### INPUT RECORDS ###

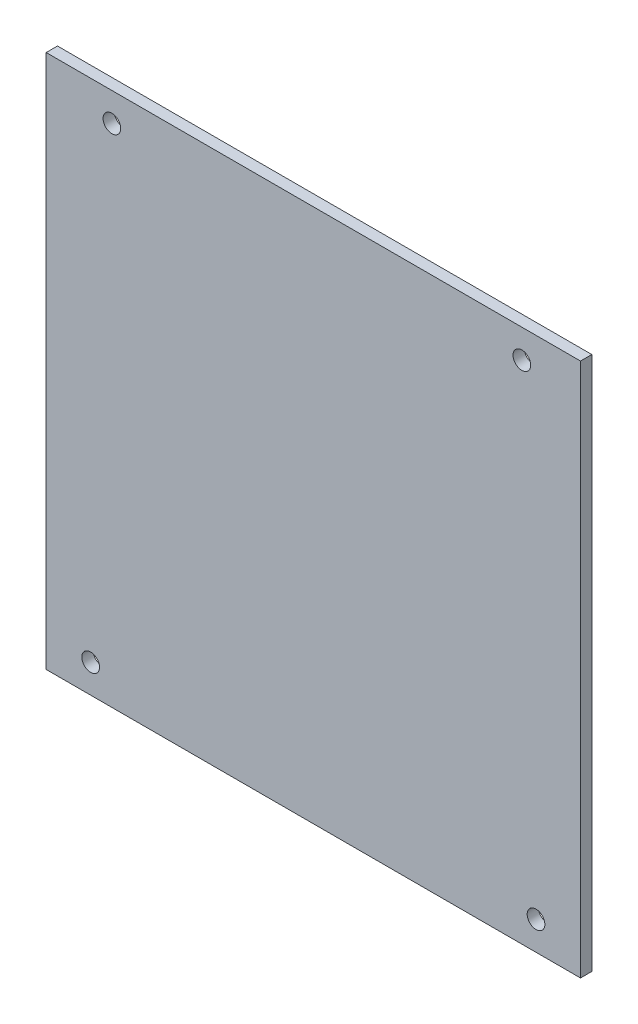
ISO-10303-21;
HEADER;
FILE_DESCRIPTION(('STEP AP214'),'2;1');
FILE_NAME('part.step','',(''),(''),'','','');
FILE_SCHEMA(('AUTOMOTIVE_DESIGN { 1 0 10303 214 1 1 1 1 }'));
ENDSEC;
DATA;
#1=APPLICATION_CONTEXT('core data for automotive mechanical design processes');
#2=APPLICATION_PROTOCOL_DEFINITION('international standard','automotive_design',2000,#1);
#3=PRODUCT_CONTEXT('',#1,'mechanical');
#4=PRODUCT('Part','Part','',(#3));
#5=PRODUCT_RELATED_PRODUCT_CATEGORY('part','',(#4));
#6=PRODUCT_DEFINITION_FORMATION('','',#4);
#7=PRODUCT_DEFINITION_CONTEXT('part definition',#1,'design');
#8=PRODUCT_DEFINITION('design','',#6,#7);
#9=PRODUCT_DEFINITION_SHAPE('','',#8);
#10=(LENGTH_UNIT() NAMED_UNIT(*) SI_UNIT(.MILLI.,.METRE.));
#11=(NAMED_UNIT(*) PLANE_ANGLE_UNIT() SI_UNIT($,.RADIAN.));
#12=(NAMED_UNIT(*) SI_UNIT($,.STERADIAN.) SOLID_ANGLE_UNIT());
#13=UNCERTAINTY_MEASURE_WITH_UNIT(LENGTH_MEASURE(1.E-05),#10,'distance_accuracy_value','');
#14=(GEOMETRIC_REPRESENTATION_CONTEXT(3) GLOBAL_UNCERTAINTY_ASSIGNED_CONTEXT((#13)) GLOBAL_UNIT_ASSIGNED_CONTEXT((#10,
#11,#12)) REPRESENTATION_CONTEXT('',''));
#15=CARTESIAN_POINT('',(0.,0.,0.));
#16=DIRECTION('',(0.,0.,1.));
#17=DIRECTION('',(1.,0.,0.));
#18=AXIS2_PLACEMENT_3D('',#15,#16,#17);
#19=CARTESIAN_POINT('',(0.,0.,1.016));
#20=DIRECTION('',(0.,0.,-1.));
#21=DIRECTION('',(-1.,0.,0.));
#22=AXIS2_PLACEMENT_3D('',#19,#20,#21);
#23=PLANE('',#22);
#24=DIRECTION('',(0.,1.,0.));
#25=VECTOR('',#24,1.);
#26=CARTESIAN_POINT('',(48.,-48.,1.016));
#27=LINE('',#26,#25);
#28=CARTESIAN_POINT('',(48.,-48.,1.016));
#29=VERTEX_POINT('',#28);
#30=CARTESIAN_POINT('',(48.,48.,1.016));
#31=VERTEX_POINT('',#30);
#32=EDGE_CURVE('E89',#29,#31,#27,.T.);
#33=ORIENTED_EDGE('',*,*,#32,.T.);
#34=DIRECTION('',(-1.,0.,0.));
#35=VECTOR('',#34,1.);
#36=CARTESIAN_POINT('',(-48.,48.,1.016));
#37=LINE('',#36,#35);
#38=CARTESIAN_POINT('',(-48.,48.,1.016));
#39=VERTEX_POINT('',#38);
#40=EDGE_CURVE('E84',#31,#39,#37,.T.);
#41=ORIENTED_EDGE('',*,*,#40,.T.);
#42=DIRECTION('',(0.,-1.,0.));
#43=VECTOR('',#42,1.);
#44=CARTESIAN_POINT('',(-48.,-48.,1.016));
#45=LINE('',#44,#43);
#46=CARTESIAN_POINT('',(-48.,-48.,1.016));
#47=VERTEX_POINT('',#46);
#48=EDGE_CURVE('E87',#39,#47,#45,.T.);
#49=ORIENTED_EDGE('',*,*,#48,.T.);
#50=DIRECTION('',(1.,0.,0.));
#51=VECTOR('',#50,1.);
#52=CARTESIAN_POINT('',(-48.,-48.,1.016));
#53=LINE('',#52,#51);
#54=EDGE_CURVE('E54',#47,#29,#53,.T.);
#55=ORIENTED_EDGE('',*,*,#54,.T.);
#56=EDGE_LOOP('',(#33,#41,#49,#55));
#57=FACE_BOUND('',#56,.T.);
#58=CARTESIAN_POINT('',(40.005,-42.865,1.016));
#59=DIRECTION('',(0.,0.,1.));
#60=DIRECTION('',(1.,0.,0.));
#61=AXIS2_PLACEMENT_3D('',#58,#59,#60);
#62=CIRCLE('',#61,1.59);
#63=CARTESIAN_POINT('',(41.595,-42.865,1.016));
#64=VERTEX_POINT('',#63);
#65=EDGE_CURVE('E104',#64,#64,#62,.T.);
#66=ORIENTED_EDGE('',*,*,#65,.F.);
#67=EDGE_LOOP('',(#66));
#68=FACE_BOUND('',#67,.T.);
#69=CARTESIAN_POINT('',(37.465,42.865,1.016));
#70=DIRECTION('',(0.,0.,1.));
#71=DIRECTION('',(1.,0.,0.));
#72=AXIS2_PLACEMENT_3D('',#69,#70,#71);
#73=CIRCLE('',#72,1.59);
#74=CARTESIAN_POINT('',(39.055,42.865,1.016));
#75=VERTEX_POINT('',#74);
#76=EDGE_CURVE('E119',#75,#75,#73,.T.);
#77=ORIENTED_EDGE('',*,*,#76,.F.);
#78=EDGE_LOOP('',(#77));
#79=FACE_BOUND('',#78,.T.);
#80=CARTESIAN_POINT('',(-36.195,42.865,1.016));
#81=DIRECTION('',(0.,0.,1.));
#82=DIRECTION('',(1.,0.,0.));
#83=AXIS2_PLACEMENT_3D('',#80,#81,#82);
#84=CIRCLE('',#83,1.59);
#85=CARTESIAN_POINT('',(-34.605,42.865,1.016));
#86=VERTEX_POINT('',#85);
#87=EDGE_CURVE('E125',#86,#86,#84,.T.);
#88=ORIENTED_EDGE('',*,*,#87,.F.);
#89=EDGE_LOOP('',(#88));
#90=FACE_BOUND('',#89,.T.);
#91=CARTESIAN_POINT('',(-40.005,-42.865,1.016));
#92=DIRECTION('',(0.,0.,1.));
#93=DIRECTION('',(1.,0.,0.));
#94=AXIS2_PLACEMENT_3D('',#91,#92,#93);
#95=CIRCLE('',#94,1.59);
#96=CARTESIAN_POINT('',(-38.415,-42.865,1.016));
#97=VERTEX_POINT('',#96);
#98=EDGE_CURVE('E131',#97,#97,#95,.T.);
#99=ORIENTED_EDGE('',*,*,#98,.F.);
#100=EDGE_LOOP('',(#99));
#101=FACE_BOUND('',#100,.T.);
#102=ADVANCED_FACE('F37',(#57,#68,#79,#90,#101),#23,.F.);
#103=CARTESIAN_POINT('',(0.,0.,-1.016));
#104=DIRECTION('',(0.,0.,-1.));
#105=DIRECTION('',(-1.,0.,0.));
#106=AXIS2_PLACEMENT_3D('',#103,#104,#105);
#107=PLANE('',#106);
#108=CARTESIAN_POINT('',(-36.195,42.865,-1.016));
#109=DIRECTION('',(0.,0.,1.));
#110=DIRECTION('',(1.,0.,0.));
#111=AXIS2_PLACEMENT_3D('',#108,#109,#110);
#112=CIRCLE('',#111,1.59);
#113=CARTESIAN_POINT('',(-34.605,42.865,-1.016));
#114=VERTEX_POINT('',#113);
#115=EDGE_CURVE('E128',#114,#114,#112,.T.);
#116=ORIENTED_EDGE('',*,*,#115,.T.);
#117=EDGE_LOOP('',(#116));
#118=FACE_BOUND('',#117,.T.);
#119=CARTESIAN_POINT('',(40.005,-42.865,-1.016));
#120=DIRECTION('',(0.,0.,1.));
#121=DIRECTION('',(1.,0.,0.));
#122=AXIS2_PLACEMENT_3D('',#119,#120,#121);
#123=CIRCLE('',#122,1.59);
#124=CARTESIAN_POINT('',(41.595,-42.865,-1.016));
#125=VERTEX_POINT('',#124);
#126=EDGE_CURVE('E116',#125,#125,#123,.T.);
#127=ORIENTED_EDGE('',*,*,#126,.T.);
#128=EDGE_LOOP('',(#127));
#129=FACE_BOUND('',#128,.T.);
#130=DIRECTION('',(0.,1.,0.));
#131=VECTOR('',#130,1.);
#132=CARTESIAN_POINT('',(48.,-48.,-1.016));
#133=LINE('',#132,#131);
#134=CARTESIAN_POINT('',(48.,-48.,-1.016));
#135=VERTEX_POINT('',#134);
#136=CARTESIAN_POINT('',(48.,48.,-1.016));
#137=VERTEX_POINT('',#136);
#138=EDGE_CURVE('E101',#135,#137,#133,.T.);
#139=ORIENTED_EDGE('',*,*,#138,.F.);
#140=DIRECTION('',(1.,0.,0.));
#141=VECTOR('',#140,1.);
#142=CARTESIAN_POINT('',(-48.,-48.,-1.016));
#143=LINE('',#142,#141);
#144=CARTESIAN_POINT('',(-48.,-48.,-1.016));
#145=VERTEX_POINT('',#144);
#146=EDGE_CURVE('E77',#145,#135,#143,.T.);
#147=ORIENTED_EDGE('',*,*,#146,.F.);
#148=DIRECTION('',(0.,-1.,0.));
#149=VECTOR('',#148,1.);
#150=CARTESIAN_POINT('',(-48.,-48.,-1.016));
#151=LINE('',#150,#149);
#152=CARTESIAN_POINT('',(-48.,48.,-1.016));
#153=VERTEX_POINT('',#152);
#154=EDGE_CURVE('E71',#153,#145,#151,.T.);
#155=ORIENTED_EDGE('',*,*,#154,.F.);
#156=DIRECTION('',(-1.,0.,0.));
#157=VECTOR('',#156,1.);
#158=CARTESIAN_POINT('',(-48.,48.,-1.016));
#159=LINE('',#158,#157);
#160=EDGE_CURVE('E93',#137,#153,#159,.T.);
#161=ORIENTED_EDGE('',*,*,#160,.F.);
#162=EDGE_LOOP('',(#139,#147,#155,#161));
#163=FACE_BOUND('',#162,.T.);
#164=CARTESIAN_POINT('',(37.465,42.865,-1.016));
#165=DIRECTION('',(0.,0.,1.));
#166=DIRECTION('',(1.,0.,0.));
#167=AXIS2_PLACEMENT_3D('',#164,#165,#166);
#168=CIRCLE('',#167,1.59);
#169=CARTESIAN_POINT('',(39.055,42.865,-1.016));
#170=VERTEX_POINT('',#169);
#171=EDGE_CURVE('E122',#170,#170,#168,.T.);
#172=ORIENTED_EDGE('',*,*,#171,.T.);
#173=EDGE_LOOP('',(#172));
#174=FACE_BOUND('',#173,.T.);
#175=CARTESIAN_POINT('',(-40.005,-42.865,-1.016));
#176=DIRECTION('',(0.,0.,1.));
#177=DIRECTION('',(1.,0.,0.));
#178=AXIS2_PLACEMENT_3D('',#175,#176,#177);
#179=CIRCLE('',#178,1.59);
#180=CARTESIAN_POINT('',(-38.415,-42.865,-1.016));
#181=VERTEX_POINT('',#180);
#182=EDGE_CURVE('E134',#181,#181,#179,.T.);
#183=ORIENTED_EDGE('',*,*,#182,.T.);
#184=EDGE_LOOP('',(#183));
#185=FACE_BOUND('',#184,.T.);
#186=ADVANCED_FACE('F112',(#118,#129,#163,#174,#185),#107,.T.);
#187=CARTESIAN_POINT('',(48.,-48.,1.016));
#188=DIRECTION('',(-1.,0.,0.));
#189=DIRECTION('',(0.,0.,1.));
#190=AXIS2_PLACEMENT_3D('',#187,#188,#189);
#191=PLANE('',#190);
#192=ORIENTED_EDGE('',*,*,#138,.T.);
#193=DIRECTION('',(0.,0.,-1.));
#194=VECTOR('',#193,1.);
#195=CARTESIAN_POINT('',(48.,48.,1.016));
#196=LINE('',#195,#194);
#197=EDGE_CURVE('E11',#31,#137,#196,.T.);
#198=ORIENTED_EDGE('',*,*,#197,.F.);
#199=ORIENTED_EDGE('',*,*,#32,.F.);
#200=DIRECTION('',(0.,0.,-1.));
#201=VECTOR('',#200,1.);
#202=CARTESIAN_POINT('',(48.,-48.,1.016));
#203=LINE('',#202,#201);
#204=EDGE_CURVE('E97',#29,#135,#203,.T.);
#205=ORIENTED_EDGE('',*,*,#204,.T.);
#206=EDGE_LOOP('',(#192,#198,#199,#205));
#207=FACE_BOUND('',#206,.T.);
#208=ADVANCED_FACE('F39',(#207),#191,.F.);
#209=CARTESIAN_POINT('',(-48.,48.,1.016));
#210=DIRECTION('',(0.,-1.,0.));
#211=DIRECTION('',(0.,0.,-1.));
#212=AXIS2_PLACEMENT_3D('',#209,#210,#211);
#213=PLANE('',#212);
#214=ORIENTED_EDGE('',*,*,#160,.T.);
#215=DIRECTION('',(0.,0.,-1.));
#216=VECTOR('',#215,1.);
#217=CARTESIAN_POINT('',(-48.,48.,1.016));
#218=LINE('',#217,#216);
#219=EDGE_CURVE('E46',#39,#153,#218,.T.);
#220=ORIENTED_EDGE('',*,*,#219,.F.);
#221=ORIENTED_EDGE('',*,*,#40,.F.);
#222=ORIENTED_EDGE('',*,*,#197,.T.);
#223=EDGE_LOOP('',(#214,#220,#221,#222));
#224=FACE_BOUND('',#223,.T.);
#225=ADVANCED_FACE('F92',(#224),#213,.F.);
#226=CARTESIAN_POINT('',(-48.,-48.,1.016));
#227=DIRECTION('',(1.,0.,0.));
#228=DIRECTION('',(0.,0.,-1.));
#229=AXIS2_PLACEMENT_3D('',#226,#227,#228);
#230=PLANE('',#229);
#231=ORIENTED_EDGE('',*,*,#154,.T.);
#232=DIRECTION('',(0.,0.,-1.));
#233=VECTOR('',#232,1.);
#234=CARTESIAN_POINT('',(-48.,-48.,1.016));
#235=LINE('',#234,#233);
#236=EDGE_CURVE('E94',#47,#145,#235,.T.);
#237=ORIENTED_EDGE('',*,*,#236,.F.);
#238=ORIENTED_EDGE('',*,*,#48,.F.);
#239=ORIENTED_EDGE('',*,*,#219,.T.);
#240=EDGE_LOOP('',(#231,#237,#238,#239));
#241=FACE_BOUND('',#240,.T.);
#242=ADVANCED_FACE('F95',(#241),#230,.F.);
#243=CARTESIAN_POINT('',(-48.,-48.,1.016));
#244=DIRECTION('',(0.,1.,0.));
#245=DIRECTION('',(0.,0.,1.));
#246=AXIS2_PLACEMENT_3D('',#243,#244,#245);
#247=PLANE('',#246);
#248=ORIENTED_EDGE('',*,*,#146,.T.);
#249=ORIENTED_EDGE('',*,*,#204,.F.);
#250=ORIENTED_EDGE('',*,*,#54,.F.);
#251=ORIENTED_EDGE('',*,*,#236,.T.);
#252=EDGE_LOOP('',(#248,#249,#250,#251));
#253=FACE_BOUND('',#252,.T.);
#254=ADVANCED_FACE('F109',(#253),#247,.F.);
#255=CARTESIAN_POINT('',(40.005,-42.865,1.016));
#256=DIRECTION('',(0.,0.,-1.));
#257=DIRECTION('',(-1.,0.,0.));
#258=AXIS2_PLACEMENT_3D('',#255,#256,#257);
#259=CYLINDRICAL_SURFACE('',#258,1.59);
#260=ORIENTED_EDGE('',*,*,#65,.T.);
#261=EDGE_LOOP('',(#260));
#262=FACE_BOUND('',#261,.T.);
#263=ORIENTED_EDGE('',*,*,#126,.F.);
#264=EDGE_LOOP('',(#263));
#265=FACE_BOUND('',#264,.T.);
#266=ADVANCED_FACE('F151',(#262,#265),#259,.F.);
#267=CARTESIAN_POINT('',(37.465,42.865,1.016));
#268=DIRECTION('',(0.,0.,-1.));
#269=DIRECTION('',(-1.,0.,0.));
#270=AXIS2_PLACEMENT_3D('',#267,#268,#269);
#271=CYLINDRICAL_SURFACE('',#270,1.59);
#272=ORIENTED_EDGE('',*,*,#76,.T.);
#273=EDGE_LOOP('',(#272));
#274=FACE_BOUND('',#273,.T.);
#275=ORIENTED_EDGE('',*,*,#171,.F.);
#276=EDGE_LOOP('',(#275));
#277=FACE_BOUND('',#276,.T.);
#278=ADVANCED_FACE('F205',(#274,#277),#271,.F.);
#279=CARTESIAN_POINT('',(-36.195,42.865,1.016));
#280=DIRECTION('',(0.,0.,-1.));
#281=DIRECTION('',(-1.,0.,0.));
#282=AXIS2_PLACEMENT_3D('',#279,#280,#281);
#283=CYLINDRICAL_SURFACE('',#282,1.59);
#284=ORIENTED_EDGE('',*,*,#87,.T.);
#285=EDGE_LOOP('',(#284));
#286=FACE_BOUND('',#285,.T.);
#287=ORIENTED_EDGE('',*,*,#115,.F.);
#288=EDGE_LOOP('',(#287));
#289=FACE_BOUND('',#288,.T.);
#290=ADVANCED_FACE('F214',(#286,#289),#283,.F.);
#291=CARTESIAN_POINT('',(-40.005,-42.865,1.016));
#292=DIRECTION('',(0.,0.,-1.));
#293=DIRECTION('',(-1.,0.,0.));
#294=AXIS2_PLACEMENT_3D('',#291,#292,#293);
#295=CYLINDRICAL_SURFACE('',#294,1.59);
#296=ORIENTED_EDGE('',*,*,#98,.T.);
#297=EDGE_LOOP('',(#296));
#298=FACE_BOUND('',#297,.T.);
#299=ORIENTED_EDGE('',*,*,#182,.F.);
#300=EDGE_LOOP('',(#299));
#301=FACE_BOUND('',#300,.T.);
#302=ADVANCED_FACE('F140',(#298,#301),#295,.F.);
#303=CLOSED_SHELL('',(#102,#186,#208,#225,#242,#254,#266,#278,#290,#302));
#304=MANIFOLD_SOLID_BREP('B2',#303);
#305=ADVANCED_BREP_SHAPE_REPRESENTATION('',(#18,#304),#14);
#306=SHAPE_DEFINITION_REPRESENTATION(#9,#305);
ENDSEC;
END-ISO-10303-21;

###

■ **TASK ITEM**:
What is needed is an exact copy of the lines above, from the one containing "#32=EDGE_CURVE('E89',#29,#31,#27,.T.);" through the one containing "#92=DIRECTION('',(0.,0.,1.));", with nothing added.

■ **EXERCISE SOLUTION**:
#32=EDGE_CURVE('E89',#29,#31,#27,.T.);
#33=ORIENTED_EDGE('',*,*,#32,.T.);
#34=DIRECTION('',(-1.,0.,0.));
#35=VECTOR('',#34,1.);
#36=CARTESIAN_POINT('',(-48.,48.,1.016));
#37=LINE('',#36,#35);
#38=CARTESIAN_POINT('',(-48.,48.,1.016));
#39=VERTEX_POINT('',#38);
#40=EDGE_CURVE('E84',#31,#39,#37,.T.);
#41=ORIENTED_EDGE('',*,*,#40,.T.);
#42=DIRECTION('',(0.,-1.,0.));
#43=VECTOR('',#42,1.);
#44=CARTESIAN_POINT('',(-48.,-48.,1.016));
#45=LINE('',#44,#43);
#46=CARTESIAN_POINT('',(-48.,-48.,1.016));
#47=VERTEX_POINT('',#46);
#48=EDGE_CURVE('E87',#39,#47,#45,.T.);
#49=ORIENTED_EDGE('',*,*,#48,.T.);
#50=DIRECTION('',(1.,0.,0.));
#51=VECTOR('',#50,1.);
#52=CARTESIAN_POINT('',(-48.,-48.,1.016));
#53=LINE('',#52,#51);
#54=EDGE_CURVE('E54',#47,#29,#53,.T.);
#55=ORIENTED_EDGE('',*,*,#54,.T.);
#56=EDGE_LOOP('',(#33,#41,#49,#55));
#57=FACE_BOUND('',#56,.T.);
#58=CARTESIAN_POINT('',(40.005,-42.865,1.016));
#59=DIRECTION('',(0.,0.,1.));
#60=DIRECTION('',(1.,0.,0.));
#61=AXIS2_PLACEMENT_3D('',#58,#59,#60);
#62=CIRCLE('',#61,1.59);
#63=CARTESIAN_POINT('',(41.595,-42.865,1.016));
#64=VERTEX_POINT('',#63);
#65=EDGE_CURVE('E104',#64,#64,#62,.T.);
#66=ORIENTED_EDGE('',*,*,#65,.F.);
#67=EDGE_LOOP('',(#66));
#68=FACE_BOUND('',#67,.T.);
#69=CARTESIAN_POINT('',(37.465,42.865,1.016));
#70=DIRECTION('',(0.,0.,1.));
#71=DIRECTION('',(1.,0.,0.));
#72=AXIS2_PLACEMENT_3D('',#69,#70,#71);
#73=CIRCLE('',#72,1.59);
#74=CARTESIAN_POINT('',(39.055,42.865,1.016));
#75=VERTEX_POINT('',#74);
#76=EDGE_CURVE('E119',#75,#75,#73,.T.);
#77=ORIENTED_EDGE('',*,*,#76,.F.);
#78=EDGE_LOOP('',(#77));
#79=FACE_BOUND('',#78,.T.);
#80=CARTESIAN_POINT('',(-36.195,42.865,1.016));
#81=DIRECTION('',(0.,0.,1.));
#82=DIRECTION('',(1.,0.,0.));
#83=AXIS2_PLACEMENT_3D('',#80,#81,#82);
#84=CIRCLE('',#83,1.59);
#85=CARTESIAN_POINT('',(-34.605,42.865,1.016));
#86=VERTEX_POINT('',#85);
#87=EDGE_CURVE('E125',#86,#86,#84,.T.);
#88=ORIENTED_EDGE('',*,*,#87,.F.);
#89=EDGE_LOOP('',(#88));
#90=FACE_BOUND('',#89,.T.);
#91=CARTESIAN_POINT('',(-40.005,-42.865,1.016));
#92=DIRECTION('',(0.,0.,1.));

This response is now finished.